# ReSolved: Miss Emma has a new home. (Wisconsin)



## kherrmann3 (Mar 30, 2009)

Hello, as some of you may have read, I will be rehoming Miss Emma McFluffybottoms. I don't have a new home for her yet, and I would like to post this here to see if I can find a good home for her on here. I'd like a bunny-savvy owner for her, so this was the first place that came to mind.

Miss Emma is a lion/lop cross and just turned three years old on January 15th of this year. She is full of spunk and does lots of mini-binkies and bunny-500's around her play area. She is spayed and microchipped (I was told she was microchipped).

She is not friendly with other rabbits and I think it would be a good idea for her to be housed alone. She just doesn't understand how to share with other rabbits. 

She is still skittish with people, but with some work, could really be a cuddlebun. She will let you pet her head and ears for awhile and will tooth-purr. She has wonderful litter box habits and is not destructive to home furnishings.

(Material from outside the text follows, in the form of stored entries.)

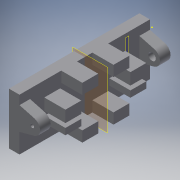
# Autodesk Inventor part: Assembly-jig-base
Saved by Autodesk Inventor 2018 (Build 220112000, 112)
## iProperties
Created: 2017-11-08
Part Number: Assembly-jig-base
Material: Generic
Document SubType Name: Modeling
Designer: xl0
Density: 1 g/cm^3
Appearance: Default
Author: xl0
Autodesk Inventor part; units mm, degrees
ref_plane "YZ Plane" through (0, 0, 0) normal (1, 0, 0) x (0, 1, 0)
ref_plane "XZ Plane" through (0, 0, 0) normal (0, 1, 0) x (-1, 0, 0)
ref_plane "XY Plane" through (0, 0, 0) normal (0, 0, 1) x (1, 0, 0)
ref_plane "Work Plane3" through (-2, 0, -40) normal (-1, 0, 0) x (0, 0, 1)
sketch "Sketch3" plane through (-2, 0, -8) normal (-1, 0, 0) x (0, -1, 0)
  line L0 (18.5447, 13.5) -> (31.5447, 13.5)
  line L1 (31.5447, 13.5) -> (31.5447, 3.5)
  line L2 (31.5447, 3.5) -> (18.5447, 3.5)
  line L3 (18.5447, 3.5) -> (18.5447, 13.5)
  line L4 (46.0447, 13.5) -> (59.0447, 13.5)
  line L5 (59.0447, 13.5) -> (59.0447, 3.5)
  line L6 (59.0447, 3.5) -> (46.0447, 3.5)
  line L7 (46.0447, 3.5) -> (46.0447, 13.5)
  line L8 (18.5447, -25.5) -> (31.5447, -25.5)
  line L9 (31.5447, -25.5) -> (31.5447, -35.5)
  line L10 (31.5447, -35.5) -> (18.5447, -35.5)
  line L11 (18.5447, -35.5) -> (18.5447, -25.5)
  line L12 (46.0447, -25.5) -> (59.0447, -25.5)
  line L13 (59.0447, -25.5) -> (59.0447, -35.5)
  line L14 (59.0447, -35.5) -> (46.0447, -35.5)
  line L15 (46.0447, -35.5) -> (46.0447, -25.5)
  line L16 (-2.9553, -32) -> (-2.9553, 8) projected
  line L17 (80.5447, 8) -> (80.5447, -32) projected
  line L18 (18.5447, 0) -> (18.5447, 3) projected
  line L19 (23.0447, 0) -> (23.0447, 3) projected
  line L20 (54.5447, 0) -> (54.5447, 3) projected
  line L21 (59.0447, 0) -> (59.0447, 3) projected
  line L22 (0.0447, 3) -> (77.5447, 3) projected
  line L23 (77.5447, -25) -> (0.0447, -25) projected
  line L24 (0.5447, -0.5) -> (13.5447, -0.5)
  line L25 (13.5447, -0.5) -> (13.5447, -11.5)
  line L26 (13.5447, -11.5) -> (0.5447, -11.5)
  line L27 (0.5447, -11.5) -> (0.5447, -0.5)
  line L28 (0.5447, -15.5) -> (13.5447, -15.5)
  line L29 (13.5447, -15.5) -> (13.5447, -21.5)
  line L30 (13.5447, -21.5) -> (0.5447, -21.5)
  line L31 (0.5447, -21.5) -> (0.5447, -15.5)
  line L32 (64.0447, -0.5) -> (77.0447, -0.5)
  line L33 (77.0447, -0.5) -> (77.0447, -11.5)
  line L34 (77.0447, -11.5) -> (64.0447, -11.5)
  line L35 (64.0447, -11.5) -> (64.0447, -0.5)
  line L36 (64.0447, -15.5) -> (77.0447, -15.5)
  line L37 (77.0447, -15.5) -> (77.0447, -21.5)
  line L38 (77.0447, -21.5) -> (64.0447, -21.5)
  line L39 (64.0447, -21.5) -> (64.0447, -15.5)
  line L40 (0.0447, 0) -> (77.5447, 0) projected
  line L41 (0.0447, -12) -> (77.5447, -12) projected
  line L42 (0.0447, -15) -> (77.5447, -15) projected
  line L43 (0.0447, -22) -> (77.5447, -22) projected
  line L44 (0.0447, -32) -> (0.0447, 8) projected
  line L45 (77.5447, 8) -> (77.5447, -32) projected
  point P0 (0, 8)
  dimension "d7" = 10
  dimension "d8" = 0.5
  dimension "d9" = 0.5
  dimension "d10" = 0.5
  dimension "d11" = 0.5
  dimension "d12" = 0.5
  dimension "d13" = 0.5
  dimension "d33" = 0.5
  dimension "d34" = 0.5
  dimension "d35" = 5
  dimension "d36" = 13
  dimension "d37" = 5
  constraints: 64 end point, 16 parallel, 13 collinear, 8 horizontal, 8 perpendicular, 4 equal length, 3 point on line, 1 other
  measures "d7" distance of L0.end L1.end
  measures "d8" distance between parallel lines of L2 L22
  measures "d9" distance between parallel lines of L23 L8
  measures "d10" distance between parallel lines of L26 L41
  measures "d11" distance between parallel lines of L40 L24
  measures "d12" distance between parallel lines of L42 L28
  measures "d13" distance between parallel lines of L43 L30
  measures "d34" distance between parallel lines of L37 L45
  measures "d35" distance between parallel lines of L3 L25
  measures "d36" distance of L9.end L10.end
  measures "d37" distance between parallel lines of L5 L35
extrude "Extrusion2" add sketch "Sketch3" against normal blind 20 contours L0 L1 L2 L3 | L4 L5 L6 L7 | L8 L9 L10 L11 | L12 L13 L14 L15 | L24 L25 L26 L27 | L28 L29 L30 L31 | L32 L33 L34 L35 | L36 L37 L38 L39
sketch "Sketch4" plane through (-2, 0, -8) normal (-1, 0, 0) x (0, 0, 1)
  line L0 (13.5, 22.9553) -> (-35.5, 22.9553)
  line L1 (-35.5, 22.9553) -> (-35.5, -100.5447)
  line L2 (-35.5, -100.5447) -> (13.5, -100.5447)
  line L3 (13.5, -100.5447) -> (13.5, 22.9553)
  line L4 (13.5, -18.5447) -> (13.5, -31.5447) projected
  line L5 (3.5, -18.5447) -> (13.5, -18.5447) projected
  line L6 (3.5, -31.5447) -> (3.5, -18.5447) projected
  line L7 (13.5, -31.5447) -> (3.5, -31.5447) projected
  line L8 (13.5, -46.0447) -> (13.5, -59.0447) projected
  line L9 (3.5, -46.0447) -> (13.5, -46.0447) projected
  line L10 (3.5, -59.0447) -> (3.5, -46.0447) projected
  line L11 (13.5, -59.0447) -> (3.5, -59.0447) projected
  line L12 (-25.5, -18.5447) -> (-25.5, -31.5447) projected
  line L13 (-35.5, -18.5447) -> (-25.5, -18.5447) projected
  line L14 (-35.5, -31.5447) -> (-35.5, -18.5447) projected
  line L15 (-25.5, -31.5447) -> (-35.5, -31.5447) projected
  line L16 (-25.5, -46.0447) -> (-25.5, -59.0447) projected
  line L17 (-35.5, -46.0447) -> (-25.5, -46.0447) projected
  line L18 (-35.5, -59.0447) -> (-35.5, -46.0447) projected
  line L19 (-25.5, -59.0447) -> (-35.5, -59.0447) projected
  line L20 (-32, 2.9553) -> (8, 2.9553) projected
  line L21 (8, -80.5447) -> (-32, -80.5447) projected
  line L22 (13.5, -18.5447) -> (13.5, -31.5447) projected
  line L23 (-35.5, -31.5447) -> (-35.5, -18.5447) projected
  point P0 (8, 0)
  dimension "d16" = 20
  dimension "d17" = 20
  constraints: 8 end point, 2 collinear, 2 parallel, 1 horizontal, 1 perpendicular
  measures "d16" distance between parallel lines of L0 L20
  measures "d17" distance between parallel lines of L2 L21
extrude "Extrusion3" add sketch "Sketch4" along normal blind 10
sketch "Sketch5" plane through (-2, 22.9553, 5.5) normal (0, 1, 0) x (1, 0, 0)
  point P0 (2, 5.5)
sketch "Sketch6" plane through (-2, 22.9553, 5.5) normal (0, 1, 0) x (1, 0, 0)
  line L0 (26.75, 28.5) -> (18.75, 28.5) projected
  line L1 (18.75, 28.5) -> (18.75, 25.5) projected
  line L2 (26.75, 25.5) -> (18.75, 25.5) projected
  line L3 (26.75, 28.5) -> (26.75, 25.5) projected
  line L4 (26.75, 13.5) -> (18.75, 13.5) projected
  line L5 (18.75, 13.5) -> (18.75, 10.5) projected
  line L6 (26.75, 10.5) -> (18.75, 10.5) projected
  line L7 (26.75, 13.5) -> (26.75, 10.5) projected
  arc A0 (13.9411, 12.2556) -> (13.9411, 26.7444) centre (12, 19.5) ccw
  line L8 (20, 25) -> (20, 14) projected
  line L9 (0, 0) -> (0, 49) projected
  line L10 (13.9411, 26.7444) -> (0, 30.48)
  line L11 (0, 29) -> (0, 35) projected
  line L12 (13.9411, 12.2556) -> (0, 8.52)
  line L13 (0, 49) -> (0, 0) projected
  point P0 (2, 5.5)
  point P1 (20, 19.5)
  dimension "d20" = 8
  dimension "d21" = 15
  dimension "d22" = 75
  dimension "d23" = 75
  constraints: 4 end point, 2 point on circle, 2 point on line, 2 tangent, 1 centre point, 1 horizontal alignment, 1 midpoint
  measures "d20" distance from line of A0.centre L8
  measures "d21" diameter of A0
  measures "d22" angle of L13 L10
  measures "d23" angle of L9 L12
extrude "Extrusion4" add sketch "Sketch6" against normal blind 10 contours L12 L9 L10 A0
sketch "Sketch7" plane through (-2, 12.9553, 5.5) normal (0, -1, 0) x (1, 0, 0)
  arc A0 (13.9411, -26.7444) -> (13.9411, -12.2556) centre (12, -19.5) ccw projected
  line L0 (0, -8.52) -> (13.9411, -12.2556) projected
  line L1 (13.9411, -26.7444) -> (0, -30.48) projected
  point P0 (2, -5.5)
hole "Hole1" at (10, 12.9553, -14) direction (0, 1, 0) diameter 3.5 end through all counterbore diameter 7 counterbore depth 5
ref_plane "Work Plane4" through (18, -38.7947, -4.5) normal (0, -1, 0) x (1, 0, 0)
sketch "Sketch8" plane through (18, -31.5447, 5.5) normal (0, 0, 1) x (1, 0, 0)
  line L0 (-20, 54.5) -> (-20, 13) projected
  line L1 (-20, 18) -> (-18.5, 18)
  line L2 (-18.5, 18) -> (-18.5, 13)
  line L3 (-18.5, 13) -> (-20, 13)
  line L4 (-20, 18) -> (0, 18) projected
  line L5 (-20, 13) -> (0, 13) projected
  line L6 (-20, 18) -> (-9.8118, 18) construction
  line L7 (-20, 13) -> (-11.1239, 13) construction
  line L8 (-20, 13) -> (0, 13) construction
  line L9 (-20.8217, 15.5) -> (-11.5802, 15.5) construction
  point P0 (-18, 31.5447)
  dimension "d38" = 1.5
  dimension "d39" = 5
  constraints: 12 end point, 4 point on line, 3 perpendicular, 1 horizontal, 2 other
  measures "d38" distance between parallel lines of L0 L2
  measures "d39" distance between parallel lines of L3 L1
extrude "Extrusion5" add sketch "Sketch8" against normal up to surface (49 mm away)
mirror "Mirror1" about plane through (18, -38.7947, -4.5) normal (0, -1, 0) of "Extrusion4", "Hole1", "Extrusion5"
sketch "Sketch9" plane through (-2, -90.5447, -3.02) normal (0, 1, 0) x (1, 0, 0)
  line L0 (0, 5.48) -> (0, -8.52) projected
  line L1 (0, 40.48) -> (0, 26.48) projected
  line L2 (0, 1.48) -> (0, -8.52) projected
  line L3 (0, 30.48) -> (0, 40.48) projected
  line L4 (1.5, -8.52) -> (1.5, 5.48) projected
  line L5 (1.5, 26.48) -> (1.5, 40.48) projected
  line L6 (0, -6.02) -> (1.5, -6.02)
  line L7 (1.5, -8.52) -> (1.5, 1.48) projected
  line L8 (1.5, -1.02) -> (0, -1.02)
  line L9 (1.5, 30.48) -> (1.5, 40.48) projected
  line L10 (1.5, 32.98) -> (0, 32.98)
  line L11 (1.5, 37.98) -> (0, 37.98)
  line L12 (2, 1.98) -> (18.75, 1.98) projected
  line L13 (9.75, 29.98) -> (2, 29.98) projected
  line L14 (1.5, 1.48) -> (20, 1.48) projected
  line L15 (1.5, 30.48) -> (20, 30.48) projected
  point P0 (2, -3.02)
  dimension "d42" = 2.5
  dimension "d43" = 2.5
  dimension "d44" = 5
  dimension "d45" = 5
  constraints: 8 end point, 8 point on line, 4 perpendicular
  measures "d42" distance between parallel lines of L14 L8
  measures "d43" distance between parallel lines of L10 L15
  measures "d44" distance between parallel lines of L8 L6
  measures "d45" distance between parallel lines of L11 L10
extrude "Extrusion6" add sketch "Sketch9" along normal blind 20
mirror "Mirror2" about plane through (18, -38.7947, -4.5) normal (0, -1, 0) of "Extrusion6"
equation "\"d10\" = d8"
equation "\"d11\" = d8"
equation "\"d12\" = d8"
equation "\"d13\" = d8"
equation "\"d33\" = d9"
equation "\"d34\" = d9"
equation "\"d37\" = d35"
equation "\"d17\" = d16"
equation "\"d43\" = d42"
equation "\"d45\" = d44"
body "Solid2"

I can help with transport. I would be able to drive 2 [sup]1/2 [/sup]hours (one way) to get her to (or towards) a new destination. I live in Waukesha, Wisconsin, which is 20 minutes West of Milwaukee. 

Thank you.


----------



## whaleyk98 (Mar 30, 2009)

Awww, she looks like a movie star bun with all that hair. I hope she finds a good home.


----------



## kherrmann3 (Mar 30, 2009)

*whaleyk98 wrote: *


> I hope she finds a good home.


I really hope she does, too. I would keep her, but the incident with my other rabbit yesterday prompted me to do this. I feel like a rat about it, though.


----------



## myheart (Mar 30, 2009)

*kherrmann3 wrote: *


> ...I would keep her, but the incident with my other rabbit yesterday prompted me to do this.


:?Can't find any posts about it...


----------



## myheart (Mar 30, 2009)

*myheart wrote: *


> *kherrmann3 wrote: *
> 
> 
> > ...I would keep her, but the incident with my other rabbit yesterday prompted me to do this.
> ...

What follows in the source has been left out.